I wouldn't worry about WSD frame unless you don't get on with a normal frame, in which case get one.

I wouldn't bother with the Claud Butler, I think they're living on their reputation these days.

The rest are all quite similiar in spec. Hard to go through them all. Others might disagree here but I wouldn't be worried about discbrakes at this price point. A good set of V's will be lighter and serve you just as well.

I think I'd try the mans vs Womens first for fit. Then when decided if it makes a difference try the ones left for feel & weight and choose the one that feels right and is the lightest.

You just watch somebody come along and tell you the opposite now


----------



## punkypossum (8 Mar 2008)

I'd go for the Trek (but that's being biased cause I love mine) or the GT. Would probably go for discs, cause as soon as I went for v's I wished I had spent the extra on discs - but again, that's personal opinion. Discs are going to make your life easier in the mud, so probably worth it.... At the end of the day, try them and see which one feels best...


----------



## snapper_37 (8 Mar 2008)

I'd go for Vs as never liked discs (personal pref). Like someone else has said, don't worry about the women's specific, if you're comfortable with a blokes, as I don't think it mades much difference on a MTB.

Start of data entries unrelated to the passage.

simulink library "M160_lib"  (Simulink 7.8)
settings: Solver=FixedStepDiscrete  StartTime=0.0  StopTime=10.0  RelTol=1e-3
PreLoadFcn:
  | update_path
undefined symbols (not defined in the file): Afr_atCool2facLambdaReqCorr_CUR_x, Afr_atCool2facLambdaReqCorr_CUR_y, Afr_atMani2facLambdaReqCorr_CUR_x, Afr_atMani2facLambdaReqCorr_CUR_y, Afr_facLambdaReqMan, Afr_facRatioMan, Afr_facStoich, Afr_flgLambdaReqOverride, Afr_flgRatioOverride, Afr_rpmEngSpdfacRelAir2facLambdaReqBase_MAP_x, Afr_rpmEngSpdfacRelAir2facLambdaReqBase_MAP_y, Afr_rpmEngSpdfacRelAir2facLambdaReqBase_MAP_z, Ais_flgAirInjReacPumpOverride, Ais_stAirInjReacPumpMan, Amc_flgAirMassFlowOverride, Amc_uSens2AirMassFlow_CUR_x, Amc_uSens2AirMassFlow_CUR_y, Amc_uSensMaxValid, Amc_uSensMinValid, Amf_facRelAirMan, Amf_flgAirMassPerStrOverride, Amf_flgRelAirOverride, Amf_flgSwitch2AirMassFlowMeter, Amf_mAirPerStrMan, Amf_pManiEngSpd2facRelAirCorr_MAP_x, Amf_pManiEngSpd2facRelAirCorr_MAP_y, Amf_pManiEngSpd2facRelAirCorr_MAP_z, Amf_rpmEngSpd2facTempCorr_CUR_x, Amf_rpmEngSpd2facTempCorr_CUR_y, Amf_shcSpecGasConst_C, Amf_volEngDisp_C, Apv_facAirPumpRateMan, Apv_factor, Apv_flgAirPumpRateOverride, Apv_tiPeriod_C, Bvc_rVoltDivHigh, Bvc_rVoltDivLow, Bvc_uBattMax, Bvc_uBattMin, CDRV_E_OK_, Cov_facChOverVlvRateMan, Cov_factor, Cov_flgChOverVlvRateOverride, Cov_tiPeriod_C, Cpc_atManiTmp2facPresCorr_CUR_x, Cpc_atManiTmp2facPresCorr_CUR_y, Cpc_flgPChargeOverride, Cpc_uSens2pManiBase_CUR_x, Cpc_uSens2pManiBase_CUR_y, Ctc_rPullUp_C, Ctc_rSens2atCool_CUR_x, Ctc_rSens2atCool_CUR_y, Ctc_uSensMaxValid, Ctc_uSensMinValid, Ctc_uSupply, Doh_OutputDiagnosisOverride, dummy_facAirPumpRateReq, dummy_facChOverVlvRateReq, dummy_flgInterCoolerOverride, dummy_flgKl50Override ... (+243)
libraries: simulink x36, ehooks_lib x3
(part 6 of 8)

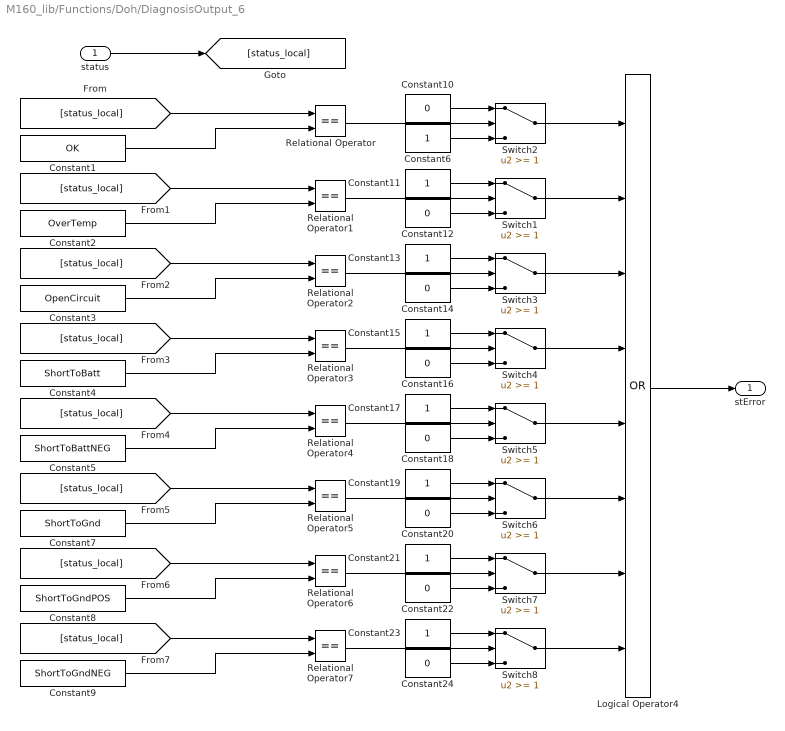
== system M160_lib/Functions/Doh/DiagnosisOutput_6 ==
  status : Inport
  Constant1 : Constant  Value=OK
  Constant{10,12,14,16,18,20,22,24} (8 alike) : Constant  Value=0  OutDataTypeStr=boolean
  Constant{6,11,13,15,17,19,21,23} (8 alike) : Constant  OutDataTypeStr=boolean
  Constant2 : Constant  Value=OverTemp
  Constant3 : Constant  Value=OpenCircuit
  Constant4 : Constant  Value=ShortToBatt
  Constant5 : Constant  Value=ShortToBattNEG
  Constant7 : Constant  Value=ShortToGnd
  Constant8 : Constant  Value=ShortToGndPOS
  Constant9 : Constant  Value=ShortToGndNEG
  Logical Operator4 : Logic  Operator=OR  Inputs=8  AllPortsSameDT=off  OutDataTypeStr=boolean
  Relational Operator{,1..7} (8 alike) : RelationalOperator  Operator===  OutDataTypeStr=boolean
  Switch{1..8} (8 alike) : Switch  Threshold=1
  stError : Outport
  wires:
  Switch8/1 -> Logical Operator4/8
  Switch7/1 -> Logical Operator4/7
  Switch6/1 -> Logical Operator4/6
  Switch5/1 -> Logical Operator4/5
  Switch4/1 -> Logical Operator4/4
  Switch3/1 -> Logical Operator4/3
  Switch1/1 -> Logical Operator4/2
  Switch2/1 -> Logical Operator4/1
  Relational Operator7/1 -> Switch8/2
  Constant23/1 -> Switch8/1
  Constant24/1 -> Switch8/3
  Relational Operator6/1 -> Switch7/2
  Constant21/1 -> Switch7/1
  Constant22/1 -> Switch7/3
  Relational Operator5/1 -> Switch6/2
  Constant19/1 -> Switch6/1
  Constant20/1 -> Switch6/3
  Relational Operator4/1 -> Switch5/2
  Constant17/1 -> Switch5/1
  Constant18/1 -> Switch5/3
  Relational Operator3/1 -> Switch4/2
  Constant15/1 -> Switch4/1
  Constant16/1 -> Switch4/3
  Relational Operator2/1 -> Switch3/2
  Constant13/1 -> Switch3/1
  Constant14/1 -> Switch3/3
  Relational Operator1/1 -> Switch1/2
  Constant11/1 -> Switch1/1
  Constant12/1 -> Switch1/3
  Constant10/1 -> Switch2/1
  Logical Operator4/1 -> stError/1
  Constant6/1 -> Switch2/3
  Relational Operator/1 -> Switch2/2
  [status_local] -> Relational Operator7/1
  Constant9/1 -> Relational Operator7/2
  [status_local] -> Relational Operator6/1
  Constant8/1 -> Relational Operator6/2
  [status_local] -> Relational Operator5/1
  Constant7/1 -> Relational Operator5/2
  [status_local] -> Relational Operator4/1
  Constant5/1 -> Relational Operator4/2
  [status_local] -> Relational Operator3/1
  Constant4/1 -> Relational Operator3/2
  [status_local] -> Relational Operator2/1
  Constant3/1 -> Relational Operator2/2
  [status_local] -> Relational Operator1/1
  Constant2/1 -> Relational Operator1/2
  [status_local] -> Relational Operator/1
  status/1 -> [status_local]
  Constant1/1 -> Relational Operator/2

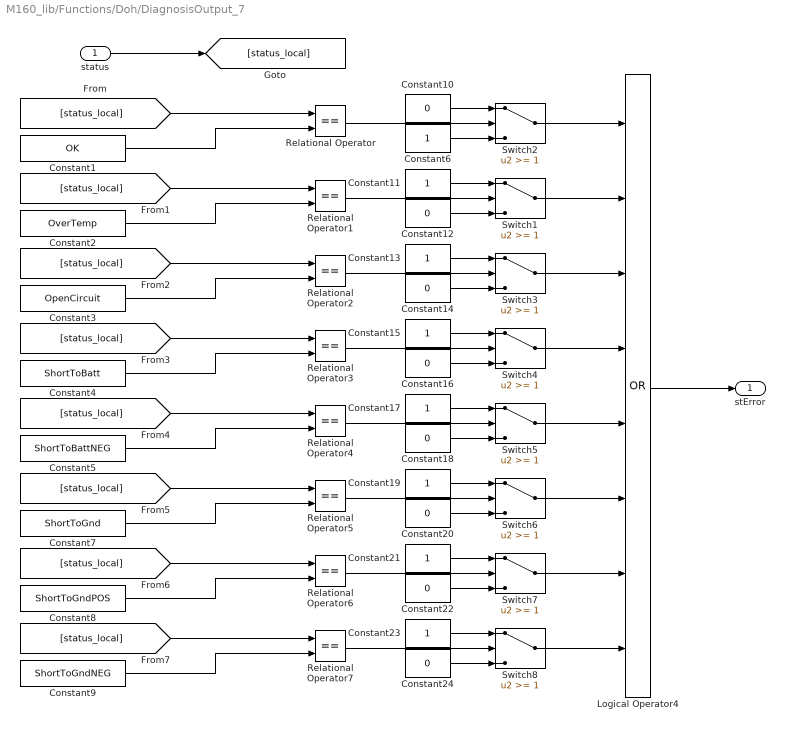
== system M160_lib/Functions/Doh/DiagnosisOutput_7 ==
  status : Inport
  Constant1 : Constant  Value=OK
  Constant{10,12,14,16,18,20,22,24} (8 alike) : Constant  Value=0  OutDataTypeStr=boolean
  Constant{6,11,13,15,17,19,21,23} (8 alike) : Constant  OutDataTypeStr=boolean
  Constant2 : Constant  Value=OverTemp
  Constant3 : Constant  Value=OpenCircuit
  Constant4 : Constant  Value=ShortToBatt
  Constant5 : Constant  Value=ShortToBattNEG
  Constant7 : Constant  Value=ShortToGnd
  Constant8 : Constant  Value=ShortToGndPOS
  Constant9 : Constant  Value=ShortToGndNEG
  Logical Operator4 : Logic  Operator=OR  Inputs=8  AllPortsSameDT=off  OutDataTypeStr=boolean
  Relational Operator{,1..7} (8 alike) : RelationalOperator  Operator===  OutDataTypeStr=boolean
  Switch{1..8} (8 alike) : Switch  Threshold=1
  stError : Outport
  wires:
  Constant1/1 -> Relational Operator/2
  status/1 -> [status_local]
  [status_local] -> Relational Operator/1
  Constant2/1 -> Relational Operator1/2
  [status_local] -> Relational Operator1/1
  Constant3/1 -> Relational Operator2/2
  [status_local] -> Relational Operator2/1
  Constant4/1 -> Relational Operator3/2
  [status_local] -> Relational Operator3/1
  Constant5/1 -> Relational Operator4/2
  [status_local] -> Relational Operator4/1
  Constant7/1 -> Relational Operator5/2
  [status_local] -> Relational Operator5/1
  Constant8/1 -> Relational Operator6/2
  [status_local] -> Relational Operator6/1
  Constant9/1 -> Relational Operator7/2
  [status_local] -> Relational Operator7/1
  Relational Operator/1 -> Switch2/2
  Constant6/1 -> Switch2/3
  Logical Operator4/1 -> stError/1
  Constant10/1 -> Switch2/1
  Constant12/1 -> Switch1/3
  Constant11/1 -> Switch1/1
  Relational Operator1/1 -> Switch1/2
  Constant14/1 -> Switch3/3
  Constant13/1 -> Switch3/1
  Relational Operator2/1 -> Switch3/2
  Constant16/1 -> Switch4/3
  Constant15/1 -> Switch4/1
  Relational Operator3/1 -> Switch4/2
  Constant18/1 -> Switch5/3
  Constant17/1 -> Switch5/1
  Relational Operator4/1 -> Switch5/2
  Constant20/1 -> Switch6/3
  Constant19/1 -> Switch6/1
  Relational Operator5/1 -> Switch6/2
  Constant22/1 -> Switch7/3
  Constant21/1 -> Switch7/1
  Relational Operator6/1 -> Switch7/2
  Constant24/1 -> Switch8/3
  Constant23/1 -> Switch8/1
  Relational Operator7/1 -> Switch8/2
  Switch2/1 -> Logical Operator4/1
  Switch1/1 -> Logical Operator4/2
  Switch3/1 -> Logical Operator4/3
  Switch4/1 -> Logical Operator4/4
  Switch5/1 -> Logical Operator4/5
  Switch6/1 -> Logical Operator4/6
  Switch7/1 -> Logical Operator4/7
  Switch8/1 -> Logical Operator4/8

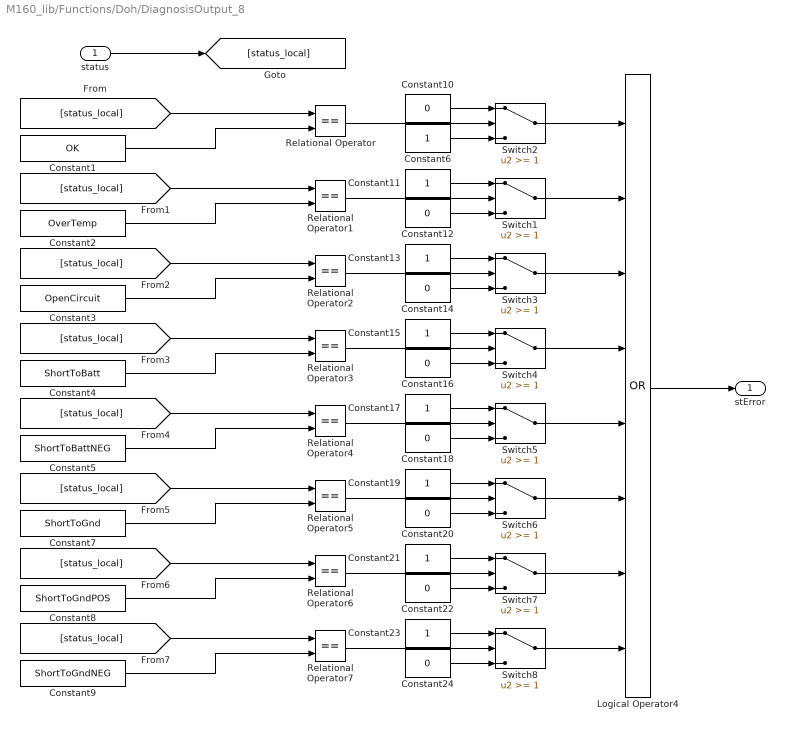
== system M160_lib/Functions/Doh/DiagnosisOutput_8 ==
  status : Inport
  Constant1 : Constant  Value=OK
  Constant{10,12,14,16,18,20,22,24} (8 alike) : Constant  Value=0  OutDataTypeStr=boolean
  Constant{6,11,13,15,17,19,21,23} (8 alike) : Constant  OutDataTypeStr=boolean
  Constant2 : Constant  Value=OverTemp
  Constant3 : Constant  Value=OpenCircuit
  Constant4 : Constant  Value=ShortToBatt
  Constant5 : Constant  Value=ShortToBattNEG
  Constant7 : Constant  Value=ShortToGnd
  Constant8 : Constant  Value=ShortToGndPOS
  Constant9 : Constant  Value=ShortToGndNEG
  Logical Operator4 : Logic  Operator=OR  Inputs=8  AllPortsSameDT=off  OutDataTypeStr=boolean
  Relational Operator{,1..7} (8 alike) : RelationalOperator  Operator===  OutDataTypeStr=boolean
  Switch{1..8} (8 alike) : Switch  Threshold=1
  stError : Outport
  wires:
  Switch8/1 -> Logical Operator4/8
  Switch7/1 -> Logical Operator4/7
  Switch6/1 -> Logical Operator4/6
  Switch5/1 -> Logical Operator4/5
  Switch4/1 -> Logical Operator4/4
  Switch3/1 -> Logical Operator4/3
  Switch1/1 -> Logical Operator4/2
  Switch2/1 -> Logical Operator4/1
  Relational Operator7/1 -> Switch8/2
  Constant23/1 -> Switch8/1
  Constant24/1 -> Switch8/3
  Relational Operator6/1 -> Switch7/2
  Constant21/1 -> Switch7/1
  Constant22/1 -> Switch7/3
  Relational Operator5/1 -> Switch6/2
  Constant19/1 -> Switch6/1
  Constant20/1 -> Switch6/3
  Relational Operator4/1 -> Switch5/2
  Constant17/1 -> Switch5/1
  Constant18/1 -> Switch5/3
  Relational Operator3/1 -> Switch4/2
  Constant15/1 -> Switch4/1
  Constant16/1 -> Switch4/3
  Relational Operator2/1 -> Switch3/2
  Constant13/1 -> Switch3/1
  Constant14/1 -> Switch3/3
  Relational Operator1/1 -> Switch1/2
  Constant11/1 -> Switch1/1
  Constant12/1 -> Switch1/3
  Constant10/1 -> Switch2/1
  Logical Operator4/1 -> stError/1
  Constant6/1 -> Switch2/3
  Relational Operator/1 -> Switch2/2
  [status_local] -> Relational Operator7/1
  Constant9/1 -> Relational Operator7/2
  [status_local] -> Relational Operator6/1
  Constant8/1 -> Relational Operator6/2
  [status_local] -> Relational Operator5/1
  Constant7/1 -> Relational Operator5/2
  [status_local] -> Relational Operator4/1
  Constant5/1 -> Relational Operator4/2
  [status_local] -> Relational Operator3/1
  Constant4/1 -> Relational Operator3/2
  [status_local] -> Relational Operator2/1
  Constant3/1 -> Relational Operator2/2
  [status_local] -> Relational Operator1/1
  Constant2/1 -> Relational Operator1/2
  [status_local] -> Relational Operator/1
  status/1 -> [status_local]
  Constant1/1 -> Relational Operator/2

== system M160_lib/Functions/Doh/DiagnosisOutput_9 ==
  status : Inport
  Constant1 : Constant  Value=OK
  Constant{10,12,14,16,18,20,22,24} (8 alike) : Constant  Value=0  OutDataTypeStr=boolean
  Constant{6,11,13,15,17,19,21,23} (8 alike) : Constant  OutDataTypeStr=boolean
  Constant2 : Constant  Value=OverTemp
  Constant3 : Constant  Value=OpenCircuit
  Constant4 : Constant  Value=ShortToBatt
  Constant5 : Constant  Value=ShortToBattNEG
  Constant7 : Constant  Value=ShortToGnd
  Constant8 : Constant  Value=ShortToGndPOS
  Constant9 : Constant  Value=ShortToGndNEG
  Logical Operator4 : Logic  Operator=OR  Inputs=8  AllPortsSameDT=off  OutDataTypeStr=boolean
  Relational Operator{,1..7} (8 alike) : RelationalOperator  Operator===  OutDataTypeStr=boolean
  Switch{1..8} (8 alike) : Switch  Threshold=1
  stError : Outport
  wires:
  Constant1/1 -> Relational Operator/2
  status/1 -> [status_local]
  [status_local] -> Relational Operator/1
  Constant2/1 -> Relational Operator1/2
  [status_local] -> Relational Operator1/1
  Constant3/1 -> Relational Operator2/2
  [status_local] -> Relational Operator2/1
  Constant4/1 -> Relational Operator3/2
  [status_local] -> Relational Operator3/1
  Constant5/1 -> Relational Operator4/2
  [status_local] -> Relational Operator4/1
  Constant7/1 -> Relational Operator5/2
  [status_local] -> Relational Operator5/1
  Constant8/1 -> Relational Operator6/2
  [status_local] -> Relational Operator6/1
  Constant9/1 -> Relational Operator7/2
  [status_local] -> Relational Operator7/1
  Relational Operator/1 -> Switch2/2
  Constant6/1 -> Switch2/3
  Logical Operator4/1 -> stError/1
  Constant10/1 -> Switch2/1
  Constant12/1 -> Switch1/3
  Constant11/1 -> Switch1/1
  Relational Operator1/1 -> Switch1/2
  Constant14/1 -> Switch3/3
  Constant13/1 -> Switch3/1
  Relational Operator2/1 -> Switch3/2
  Constant16/1 -> Switch4/3
  Constant15/1 -> Switch4/1
  Relational Operator3/1 -> Switch4/2
  Constant18/1 -> Switch5/3
  Constant17/1 -> Switch5/1
  Relational Operator4/1 -> Switch5/2
  Constant20/1 -> Switch6/3
  Constant19/1 -> Switch6/1
  Relational Operator5/1 -> Switch6/2
  Constant22/1 -> Switch7/3
  Constant21/1 -> Switch7/1
  Relational Operator6/1 -> Switch7/2
  Constant24/1 -> Switch8/3
  Constant23/1 -> Switch8/1
  Relational Operator7/1 -> Switch8/2
  Switch2/1 -> Logical Operator4/1
  Switch1/1 -> Logical Operator4/2
  Switch3/1 -> Logical Operator4/3
  Switch4/1 -> Logical Operator4/4
  Switch5/1 -> Logical Operator4/5
  Switch6/1 -> Logical Operator4/6
  Switch7/1 -> Logical Operator4/7
  Switch8/1 -> Logical Operator4/8

== system M160_lib/Functions/Fmc/DT1 ==
  T : Inport
  K : Inport  Port=2
  Ta : Inport  Port=3
  in : Inport  Port=4
  initValue : Inport  Port=5
  Enable : Inport  Port=6
  Add2 : Sum  OutDataTypeStr=Inherit: Same as first input
  Constan3 : Constant  OutDataTypeStr=single
  Divide1 : Product  Inputs=*/  OutDataTypeStr=Inherit: Same as first input
  Product1 : Product  Inputs=3  OutDataTypeStr=Inherit: Same as first input
  Product3 : Product  OutDataTypeStr=Inherit: Same as first input
  Product4 : Product  OutDataTypeStr=Inherit: Same as first input
  Subtract1 : Sum  Inputs=+-
  Switch1 : Switch  Threshold=1
  Unit Delay4 : UnitDelay  SampleTime=-1
  Unit Delay5 : UnitDelay  SampleTime=-1
  Unit Delay6 : UnitDelay  SampleTime=-1
  Out : Outport
  wires:
  initValue/1 -> Switch1/3
  Switch1/1 -> Out/1
  in/1 -> Subtract1/1
  Subtract1/1 -> Product3/2
  K/1 -> Product3/1, Product4/2
  Product3/1 -> Unit Delay6/1
  Unit Delay6/1 -> Product1/1
  Constan3/1 -> Divide1/1
  T/1 -> Product4/1
  Product4/1 -> Divide1/2
  Divide1/1 -> Product1/2
  Product1/1 -> Add2/1
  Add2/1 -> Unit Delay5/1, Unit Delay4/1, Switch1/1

I'd go for a Giant or the Trek.


----------



## ratty2k (9 Mar 2008)

I'd go for the Trek out of the list. Sit on 'em and see if you are comfy. There is no need (as others have stated) to get a womens specific frame a 'mens' one may well be just right for you. I'd also recommend getting one with disc brakes, poor ones can be upgraded, and are a step up from Vees.


----------



## punkypossum (9 Mar 2008)

If you do go for the trek, their customer service is fantastic (again personal opinion only), but I could not fault them - great advice, they even rang me after an email I sent them feeling a bit stuck about the right size and model and had an hour long chat with me on the phone, without trying to coax me into buying anything or spending more than I had wanted to and didn't talk down on me just because I was a beginner and with a budget very much towards the bottom end of the range. So far, everytime I've been in touch they have been great (and no, they don't pay me commission! , so I suppose that is something to consider in your choice of bike as well - can't see it happening with Halfrauds somehow....


----------



## Flying_Monkey (25 Mar 2008)

I'd normally say go for the GT at that price range, but the the discount on the Trek means you are getting a lot more for your money. I can also tell you that whatever you buy now, once you get better you'll be wanting something 'better' to take on tougher trails or go faster within a year!


----------



## Kirstie (25 Mar 2008)

Soooo, your budget is £300? For that money i'd say go second hand and you'll get a much better ride than any of those. Singletrackworld.com classifieds are a good place to start. If you spot anything post it on here for an opinion if you like. 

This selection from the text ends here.